The short-term range is $21.99 to $42.51. If the main trend changes to down then its retracement zone at $32.25 to $29.83 will become the primary downside target. This should be considered a value zone so look for buyers to return on a test of this area.
Weekly Technical Forecast
Based on this week’s price action, the direction of the September WTI crude oil market is likely to be determined by trader reaction to the pair of 50% levels at $41.72 and $38.76. Sitting between these levels will continue to generate a choppy, sideways trade.
Bullish Scenario
A sustained move over $41.72 will indicate the presence of buyers.

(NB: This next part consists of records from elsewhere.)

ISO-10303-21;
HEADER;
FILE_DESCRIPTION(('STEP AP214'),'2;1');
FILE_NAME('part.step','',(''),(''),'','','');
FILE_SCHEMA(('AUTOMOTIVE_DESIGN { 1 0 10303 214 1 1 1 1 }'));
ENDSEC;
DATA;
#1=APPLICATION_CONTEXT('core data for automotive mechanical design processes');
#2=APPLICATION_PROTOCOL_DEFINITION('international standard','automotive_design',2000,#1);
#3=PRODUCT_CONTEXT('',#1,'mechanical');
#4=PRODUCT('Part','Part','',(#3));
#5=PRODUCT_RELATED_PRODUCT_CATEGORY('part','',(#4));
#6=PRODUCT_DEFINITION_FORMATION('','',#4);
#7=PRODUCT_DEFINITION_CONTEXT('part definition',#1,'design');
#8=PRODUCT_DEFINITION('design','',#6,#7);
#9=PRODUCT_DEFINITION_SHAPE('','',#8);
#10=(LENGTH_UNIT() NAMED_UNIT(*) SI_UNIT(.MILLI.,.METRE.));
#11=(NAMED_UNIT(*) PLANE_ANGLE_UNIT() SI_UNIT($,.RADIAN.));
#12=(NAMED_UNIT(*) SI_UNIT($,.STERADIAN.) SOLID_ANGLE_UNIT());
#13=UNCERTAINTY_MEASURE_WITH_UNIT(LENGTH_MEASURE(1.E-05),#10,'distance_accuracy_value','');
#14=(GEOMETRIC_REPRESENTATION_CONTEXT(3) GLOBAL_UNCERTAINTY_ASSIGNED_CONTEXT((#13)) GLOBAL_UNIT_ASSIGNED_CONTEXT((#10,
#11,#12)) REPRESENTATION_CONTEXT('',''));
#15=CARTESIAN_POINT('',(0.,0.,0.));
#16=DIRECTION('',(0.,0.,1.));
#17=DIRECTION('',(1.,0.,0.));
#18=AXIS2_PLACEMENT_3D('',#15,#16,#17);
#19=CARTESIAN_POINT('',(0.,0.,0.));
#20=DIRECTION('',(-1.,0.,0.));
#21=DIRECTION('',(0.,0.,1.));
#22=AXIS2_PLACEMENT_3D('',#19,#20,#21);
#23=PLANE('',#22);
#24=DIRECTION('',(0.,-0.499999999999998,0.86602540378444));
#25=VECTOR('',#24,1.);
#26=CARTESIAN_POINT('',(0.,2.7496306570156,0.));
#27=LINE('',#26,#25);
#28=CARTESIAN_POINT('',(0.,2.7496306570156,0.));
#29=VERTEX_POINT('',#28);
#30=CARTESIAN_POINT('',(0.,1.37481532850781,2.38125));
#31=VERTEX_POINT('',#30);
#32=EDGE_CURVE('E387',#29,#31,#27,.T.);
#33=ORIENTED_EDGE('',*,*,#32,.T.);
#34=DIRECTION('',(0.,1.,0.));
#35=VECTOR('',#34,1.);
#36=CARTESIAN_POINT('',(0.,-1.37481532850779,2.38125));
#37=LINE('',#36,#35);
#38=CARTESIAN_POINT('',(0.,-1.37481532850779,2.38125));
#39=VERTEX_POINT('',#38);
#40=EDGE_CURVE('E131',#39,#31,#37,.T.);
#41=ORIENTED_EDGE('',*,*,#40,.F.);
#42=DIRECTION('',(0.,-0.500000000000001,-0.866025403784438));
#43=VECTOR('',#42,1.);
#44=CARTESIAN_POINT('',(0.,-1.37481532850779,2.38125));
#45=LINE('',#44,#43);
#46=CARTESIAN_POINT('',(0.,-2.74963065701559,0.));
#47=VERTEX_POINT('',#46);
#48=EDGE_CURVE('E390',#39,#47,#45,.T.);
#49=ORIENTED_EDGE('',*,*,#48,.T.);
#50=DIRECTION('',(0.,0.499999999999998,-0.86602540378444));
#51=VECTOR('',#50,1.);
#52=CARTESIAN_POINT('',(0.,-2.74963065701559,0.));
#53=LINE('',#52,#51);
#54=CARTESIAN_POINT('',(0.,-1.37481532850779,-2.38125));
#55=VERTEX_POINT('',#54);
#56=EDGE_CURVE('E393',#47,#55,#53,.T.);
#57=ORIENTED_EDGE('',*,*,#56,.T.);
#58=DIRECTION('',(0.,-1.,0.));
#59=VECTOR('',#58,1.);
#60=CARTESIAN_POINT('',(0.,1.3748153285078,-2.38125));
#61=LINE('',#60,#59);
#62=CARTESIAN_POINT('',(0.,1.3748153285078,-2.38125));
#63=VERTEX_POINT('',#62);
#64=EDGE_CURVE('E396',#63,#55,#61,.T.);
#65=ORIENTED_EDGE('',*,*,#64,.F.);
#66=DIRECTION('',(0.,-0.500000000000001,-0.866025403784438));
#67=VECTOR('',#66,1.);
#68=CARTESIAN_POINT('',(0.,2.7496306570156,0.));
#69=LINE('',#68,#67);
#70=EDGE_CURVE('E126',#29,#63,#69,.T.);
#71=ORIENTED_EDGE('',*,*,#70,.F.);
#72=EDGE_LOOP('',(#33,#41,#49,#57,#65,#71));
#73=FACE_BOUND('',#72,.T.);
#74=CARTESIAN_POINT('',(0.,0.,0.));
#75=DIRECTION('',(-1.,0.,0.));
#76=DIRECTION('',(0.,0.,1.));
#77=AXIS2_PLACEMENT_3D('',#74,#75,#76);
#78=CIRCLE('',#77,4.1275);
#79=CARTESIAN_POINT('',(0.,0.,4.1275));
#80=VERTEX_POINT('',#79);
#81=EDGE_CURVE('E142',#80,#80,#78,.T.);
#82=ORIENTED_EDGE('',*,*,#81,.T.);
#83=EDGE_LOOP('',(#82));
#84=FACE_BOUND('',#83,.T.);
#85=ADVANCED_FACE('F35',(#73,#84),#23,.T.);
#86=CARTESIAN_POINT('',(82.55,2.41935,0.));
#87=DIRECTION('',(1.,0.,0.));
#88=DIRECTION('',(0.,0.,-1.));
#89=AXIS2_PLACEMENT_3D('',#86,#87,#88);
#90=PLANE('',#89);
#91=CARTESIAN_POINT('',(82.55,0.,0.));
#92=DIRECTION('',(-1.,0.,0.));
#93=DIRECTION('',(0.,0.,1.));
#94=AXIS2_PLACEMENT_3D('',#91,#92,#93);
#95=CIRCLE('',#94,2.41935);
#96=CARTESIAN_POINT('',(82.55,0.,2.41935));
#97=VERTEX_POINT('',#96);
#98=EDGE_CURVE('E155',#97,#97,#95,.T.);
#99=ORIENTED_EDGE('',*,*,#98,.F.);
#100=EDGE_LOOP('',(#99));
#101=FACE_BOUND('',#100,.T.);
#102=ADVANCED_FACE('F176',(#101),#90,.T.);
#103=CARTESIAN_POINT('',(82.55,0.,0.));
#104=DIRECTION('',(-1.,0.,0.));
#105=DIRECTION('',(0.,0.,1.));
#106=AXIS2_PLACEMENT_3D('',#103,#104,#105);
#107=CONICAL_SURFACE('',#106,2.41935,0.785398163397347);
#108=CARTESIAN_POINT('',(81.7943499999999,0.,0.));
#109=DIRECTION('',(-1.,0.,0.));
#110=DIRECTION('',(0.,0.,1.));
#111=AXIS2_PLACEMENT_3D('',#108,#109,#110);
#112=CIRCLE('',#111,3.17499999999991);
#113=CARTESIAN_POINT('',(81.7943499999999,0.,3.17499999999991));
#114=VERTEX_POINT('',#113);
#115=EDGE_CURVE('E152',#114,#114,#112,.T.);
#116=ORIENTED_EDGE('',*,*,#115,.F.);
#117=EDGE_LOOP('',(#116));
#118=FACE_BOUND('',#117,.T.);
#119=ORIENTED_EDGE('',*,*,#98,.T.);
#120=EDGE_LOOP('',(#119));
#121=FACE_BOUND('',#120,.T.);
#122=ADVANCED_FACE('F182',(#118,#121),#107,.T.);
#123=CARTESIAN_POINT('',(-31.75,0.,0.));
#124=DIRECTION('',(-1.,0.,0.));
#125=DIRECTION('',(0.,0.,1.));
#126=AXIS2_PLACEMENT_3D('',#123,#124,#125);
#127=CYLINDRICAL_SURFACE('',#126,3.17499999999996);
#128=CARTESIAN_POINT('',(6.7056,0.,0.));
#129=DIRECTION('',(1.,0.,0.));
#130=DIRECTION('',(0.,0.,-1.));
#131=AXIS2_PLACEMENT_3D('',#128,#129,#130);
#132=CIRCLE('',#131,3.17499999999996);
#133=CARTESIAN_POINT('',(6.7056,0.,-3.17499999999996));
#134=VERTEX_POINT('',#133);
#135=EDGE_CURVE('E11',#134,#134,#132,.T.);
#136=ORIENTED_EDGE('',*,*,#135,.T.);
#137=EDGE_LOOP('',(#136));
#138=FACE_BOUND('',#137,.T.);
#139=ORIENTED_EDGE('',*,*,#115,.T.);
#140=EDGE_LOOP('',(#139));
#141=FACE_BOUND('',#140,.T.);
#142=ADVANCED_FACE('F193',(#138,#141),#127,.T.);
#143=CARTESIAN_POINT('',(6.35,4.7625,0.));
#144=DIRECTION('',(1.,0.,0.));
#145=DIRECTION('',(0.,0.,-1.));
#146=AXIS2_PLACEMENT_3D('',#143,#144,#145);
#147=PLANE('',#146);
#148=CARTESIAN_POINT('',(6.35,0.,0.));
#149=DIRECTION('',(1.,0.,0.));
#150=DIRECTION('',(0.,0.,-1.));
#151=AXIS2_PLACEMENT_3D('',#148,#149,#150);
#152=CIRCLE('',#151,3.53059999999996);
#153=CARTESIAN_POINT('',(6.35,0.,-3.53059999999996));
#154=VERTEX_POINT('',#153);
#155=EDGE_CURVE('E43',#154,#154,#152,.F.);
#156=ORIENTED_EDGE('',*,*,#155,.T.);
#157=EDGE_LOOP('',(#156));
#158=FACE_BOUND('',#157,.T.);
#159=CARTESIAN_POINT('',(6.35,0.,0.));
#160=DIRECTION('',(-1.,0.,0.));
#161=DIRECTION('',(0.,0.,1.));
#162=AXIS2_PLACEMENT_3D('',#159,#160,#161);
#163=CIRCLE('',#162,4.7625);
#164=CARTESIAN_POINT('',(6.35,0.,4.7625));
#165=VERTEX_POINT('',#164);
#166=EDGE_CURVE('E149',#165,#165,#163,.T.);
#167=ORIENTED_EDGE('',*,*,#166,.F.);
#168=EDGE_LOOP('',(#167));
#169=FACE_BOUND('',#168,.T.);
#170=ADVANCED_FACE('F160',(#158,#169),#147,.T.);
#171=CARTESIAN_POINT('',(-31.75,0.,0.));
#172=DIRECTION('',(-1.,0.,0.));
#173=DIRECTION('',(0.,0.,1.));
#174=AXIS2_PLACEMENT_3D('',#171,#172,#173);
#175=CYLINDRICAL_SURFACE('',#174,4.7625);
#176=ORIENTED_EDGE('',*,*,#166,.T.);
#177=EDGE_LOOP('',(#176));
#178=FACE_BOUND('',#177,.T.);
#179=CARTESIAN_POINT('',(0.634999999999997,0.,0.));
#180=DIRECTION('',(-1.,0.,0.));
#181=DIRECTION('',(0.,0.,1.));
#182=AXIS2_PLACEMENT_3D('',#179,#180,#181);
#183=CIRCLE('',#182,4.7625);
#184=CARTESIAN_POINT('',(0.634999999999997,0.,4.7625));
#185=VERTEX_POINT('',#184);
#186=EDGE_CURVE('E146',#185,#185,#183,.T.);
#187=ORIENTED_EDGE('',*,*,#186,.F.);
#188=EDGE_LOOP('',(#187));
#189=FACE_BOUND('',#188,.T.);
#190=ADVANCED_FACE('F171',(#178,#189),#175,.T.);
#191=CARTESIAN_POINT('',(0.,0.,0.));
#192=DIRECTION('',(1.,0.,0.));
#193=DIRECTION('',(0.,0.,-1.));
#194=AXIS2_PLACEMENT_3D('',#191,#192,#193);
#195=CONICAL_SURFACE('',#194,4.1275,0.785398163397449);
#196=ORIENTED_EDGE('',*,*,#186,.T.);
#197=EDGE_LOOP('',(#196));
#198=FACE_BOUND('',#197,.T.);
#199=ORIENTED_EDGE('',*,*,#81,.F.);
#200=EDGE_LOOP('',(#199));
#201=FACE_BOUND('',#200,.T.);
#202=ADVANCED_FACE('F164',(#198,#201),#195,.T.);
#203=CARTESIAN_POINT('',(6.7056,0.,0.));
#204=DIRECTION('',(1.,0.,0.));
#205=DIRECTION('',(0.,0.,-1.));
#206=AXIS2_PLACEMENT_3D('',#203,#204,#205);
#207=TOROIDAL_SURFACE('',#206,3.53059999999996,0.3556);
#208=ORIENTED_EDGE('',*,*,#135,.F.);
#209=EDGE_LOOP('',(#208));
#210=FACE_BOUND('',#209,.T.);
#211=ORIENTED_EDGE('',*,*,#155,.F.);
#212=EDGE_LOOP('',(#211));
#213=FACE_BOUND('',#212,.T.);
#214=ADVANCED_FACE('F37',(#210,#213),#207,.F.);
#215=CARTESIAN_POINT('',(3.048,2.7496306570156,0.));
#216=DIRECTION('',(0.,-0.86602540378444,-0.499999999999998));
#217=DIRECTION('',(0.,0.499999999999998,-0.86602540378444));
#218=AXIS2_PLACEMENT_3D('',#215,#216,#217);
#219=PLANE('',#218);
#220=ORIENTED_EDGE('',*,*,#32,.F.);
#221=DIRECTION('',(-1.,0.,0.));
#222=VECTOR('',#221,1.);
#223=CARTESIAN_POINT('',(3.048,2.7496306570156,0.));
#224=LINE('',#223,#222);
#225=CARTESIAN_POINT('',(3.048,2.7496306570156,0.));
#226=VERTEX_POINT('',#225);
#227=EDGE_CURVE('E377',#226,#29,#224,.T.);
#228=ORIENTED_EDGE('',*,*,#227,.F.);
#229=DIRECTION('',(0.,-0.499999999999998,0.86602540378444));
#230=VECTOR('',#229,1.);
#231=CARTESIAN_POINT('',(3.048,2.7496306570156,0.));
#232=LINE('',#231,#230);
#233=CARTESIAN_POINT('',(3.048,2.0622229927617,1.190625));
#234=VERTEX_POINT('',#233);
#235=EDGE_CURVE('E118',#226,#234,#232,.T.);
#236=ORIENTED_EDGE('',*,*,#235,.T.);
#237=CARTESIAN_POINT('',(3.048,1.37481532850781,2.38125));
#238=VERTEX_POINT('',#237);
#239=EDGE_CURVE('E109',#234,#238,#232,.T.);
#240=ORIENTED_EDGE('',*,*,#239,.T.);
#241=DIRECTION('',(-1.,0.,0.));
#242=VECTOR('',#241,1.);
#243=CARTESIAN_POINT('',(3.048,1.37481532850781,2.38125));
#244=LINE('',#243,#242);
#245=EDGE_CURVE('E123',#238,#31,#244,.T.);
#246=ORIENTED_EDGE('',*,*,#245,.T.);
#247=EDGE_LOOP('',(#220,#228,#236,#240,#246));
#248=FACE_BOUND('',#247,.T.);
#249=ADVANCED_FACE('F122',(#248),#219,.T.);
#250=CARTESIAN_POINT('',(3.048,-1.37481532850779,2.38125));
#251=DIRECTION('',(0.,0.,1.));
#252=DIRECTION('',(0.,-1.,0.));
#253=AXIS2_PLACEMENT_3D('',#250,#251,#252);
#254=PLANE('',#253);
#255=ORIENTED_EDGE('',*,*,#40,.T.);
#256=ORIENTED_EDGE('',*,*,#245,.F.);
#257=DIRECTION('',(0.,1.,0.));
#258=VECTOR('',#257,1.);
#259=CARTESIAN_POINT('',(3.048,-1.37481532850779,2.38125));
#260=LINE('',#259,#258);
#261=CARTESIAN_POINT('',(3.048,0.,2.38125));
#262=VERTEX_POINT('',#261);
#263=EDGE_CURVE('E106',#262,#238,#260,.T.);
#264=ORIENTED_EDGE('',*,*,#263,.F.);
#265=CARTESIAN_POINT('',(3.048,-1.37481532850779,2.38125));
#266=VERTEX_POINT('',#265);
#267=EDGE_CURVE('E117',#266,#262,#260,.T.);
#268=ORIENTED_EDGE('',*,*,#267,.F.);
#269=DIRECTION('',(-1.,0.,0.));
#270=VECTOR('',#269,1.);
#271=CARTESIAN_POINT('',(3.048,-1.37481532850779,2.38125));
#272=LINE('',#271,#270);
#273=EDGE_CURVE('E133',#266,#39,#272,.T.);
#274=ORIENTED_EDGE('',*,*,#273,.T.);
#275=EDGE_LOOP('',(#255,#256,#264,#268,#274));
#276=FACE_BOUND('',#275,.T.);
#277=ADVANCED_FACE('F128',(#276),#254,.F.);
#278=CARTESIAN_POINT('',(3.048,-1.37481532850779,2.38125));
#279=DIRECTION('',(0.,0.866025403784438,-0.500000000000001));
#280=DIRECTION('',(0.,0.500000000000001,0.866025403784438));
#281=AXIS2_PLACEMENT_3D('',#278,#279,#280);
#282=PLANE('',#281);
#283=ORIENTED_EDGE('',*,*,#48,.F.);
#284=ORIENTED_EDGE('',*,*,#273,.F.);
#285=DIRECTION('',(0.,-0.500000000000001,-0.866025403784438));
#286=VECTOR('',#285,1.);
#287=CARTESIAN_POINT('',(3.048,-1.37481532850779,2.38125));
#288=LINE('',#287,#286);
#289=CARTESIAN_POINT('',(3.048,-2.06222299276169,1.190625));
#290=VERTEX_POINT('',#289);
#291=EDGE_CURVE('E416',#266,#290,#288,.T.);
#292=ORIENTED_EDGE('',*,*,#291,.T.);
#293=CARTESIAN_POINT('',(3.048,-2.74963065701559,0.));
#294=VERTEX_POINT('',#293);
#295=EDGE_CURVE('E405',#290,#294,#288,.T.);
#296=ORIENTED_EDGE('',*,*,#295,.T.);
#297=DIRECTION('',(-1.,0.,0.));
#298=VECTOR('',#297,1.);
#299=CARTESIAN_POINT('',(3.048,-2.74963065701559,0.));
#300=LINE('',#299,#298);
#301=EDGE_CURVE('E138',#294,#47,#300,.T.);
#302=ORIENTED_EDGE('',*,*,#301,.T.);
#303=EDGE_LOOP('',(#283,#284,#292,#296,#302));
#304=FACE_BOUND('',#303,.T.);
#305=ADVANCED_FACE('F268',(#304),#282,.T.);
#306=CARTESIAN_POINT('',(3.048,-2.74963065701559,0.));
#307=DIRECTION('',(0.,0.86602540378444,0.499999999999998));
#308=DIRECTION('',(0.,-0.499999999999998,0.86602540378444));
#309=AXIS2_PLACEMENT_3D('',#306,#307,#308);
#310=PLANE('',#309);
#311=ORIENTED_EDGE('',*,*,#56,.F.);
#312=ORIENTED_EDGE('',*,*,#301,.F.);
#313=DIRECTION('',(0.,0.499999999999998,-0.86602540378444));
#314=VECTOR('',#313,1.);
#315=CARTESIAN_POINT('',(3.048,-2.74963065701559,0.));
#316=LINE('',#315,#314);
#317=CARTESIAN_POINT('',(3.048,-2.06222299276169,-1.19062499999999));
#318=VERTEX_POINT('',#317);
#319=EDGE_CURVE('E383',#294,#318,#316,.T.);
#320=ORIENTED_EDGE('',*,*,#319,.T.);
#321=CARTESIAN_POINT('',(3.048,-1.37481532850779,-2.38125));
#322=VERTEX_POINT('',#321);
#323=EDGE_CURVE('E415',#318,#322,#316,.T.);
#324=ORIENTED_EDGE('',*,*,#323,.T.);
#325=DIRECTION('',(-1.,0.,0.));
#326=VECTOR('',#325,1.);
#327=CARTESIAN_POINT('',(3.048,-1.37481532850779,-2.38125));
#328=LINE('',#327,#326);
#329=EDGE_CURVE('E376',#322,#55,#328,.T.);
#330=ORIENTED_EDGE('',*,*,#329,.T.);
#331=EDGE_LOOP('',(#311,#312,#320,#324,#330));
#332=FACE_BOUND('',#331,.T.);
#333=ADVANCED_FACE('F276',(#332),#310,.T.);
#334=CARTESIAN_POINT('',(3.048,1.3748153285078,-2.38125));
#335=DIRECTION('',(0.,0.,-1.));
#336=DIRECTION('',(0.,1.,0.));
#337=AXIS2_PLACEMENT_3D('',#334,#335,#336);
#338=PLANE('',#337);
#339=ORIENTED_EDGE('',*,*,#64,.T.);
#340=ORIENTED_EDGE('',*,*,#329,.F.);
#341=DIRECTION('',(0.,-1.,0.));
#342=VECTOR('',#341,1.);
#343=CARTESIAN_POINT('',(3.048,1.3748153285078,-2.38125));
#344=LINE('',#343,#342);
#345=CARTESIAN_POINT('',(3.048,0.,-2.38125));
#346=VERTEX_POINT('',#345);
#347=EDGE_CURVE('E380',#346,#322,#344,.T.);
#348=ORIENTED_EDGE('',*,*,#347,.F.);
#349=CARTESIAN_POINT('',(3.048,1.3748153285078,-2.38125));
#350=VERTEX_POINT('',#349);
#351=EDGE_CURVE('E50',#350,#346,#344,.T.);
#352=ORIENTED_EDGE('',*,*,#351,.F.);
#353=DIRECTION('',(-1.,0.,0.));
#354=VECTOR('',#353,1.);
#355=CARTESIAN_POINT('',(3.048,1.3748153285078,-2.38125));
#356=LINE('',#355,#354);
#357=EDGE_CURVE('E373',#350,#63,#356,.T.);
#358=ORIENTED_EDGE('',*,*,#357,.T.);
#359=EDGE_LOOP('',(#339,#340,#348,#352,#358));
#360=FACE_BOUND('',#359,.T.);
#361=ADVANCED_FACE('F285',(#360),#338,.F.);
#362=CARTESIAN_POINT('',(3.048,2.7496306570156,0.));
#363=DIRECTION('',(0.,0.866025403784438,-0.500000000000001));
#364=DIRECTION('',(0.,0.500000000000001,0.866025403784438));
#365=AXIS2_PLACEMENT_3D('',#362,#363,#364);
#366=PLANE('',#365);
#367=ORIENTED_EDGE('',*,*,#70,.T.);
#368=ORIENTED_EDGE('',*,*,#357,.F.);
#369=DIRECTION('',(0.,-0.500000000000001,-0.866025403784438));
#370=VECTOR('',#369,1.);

This should lead to a quick test of the minor top at $42.51. Taking out this level could trigger an acceleration to the upside since the weekly chart indicates there is no resistance until $46.37.
Bearish Scenario
A sustained move under $38.76 will signal the presence of sellers. If this move creates enough downside momentum then look for an eventual break into the main bottom at $35.01. Not only is this price a change in trend level, but it is also the trigger point for an acceleration to the downside.
If the main trend changes to down then look for the selling to possibly extend into the short-term retracement zone at $32.25 to $29.83. Look for fresh buyers on a test of this area since it represents value.
Technical Summary
Basically, we’re looking for an upside bias to begin on a sustained move over $41.72 and for a downside bias to start on a sustained move under $38.76.
By sustained move we mean the breakouts through these levels are accompanied by supportive volume. There has to be actual buying or selling on breakout moves and strong volume will tell us if there is. Hitting buy stops or sell stops will not be enough to generate the size of the breakout moves we are looking for.
On the fundamental side, the anticipated breakouts are likely to be headline-driven.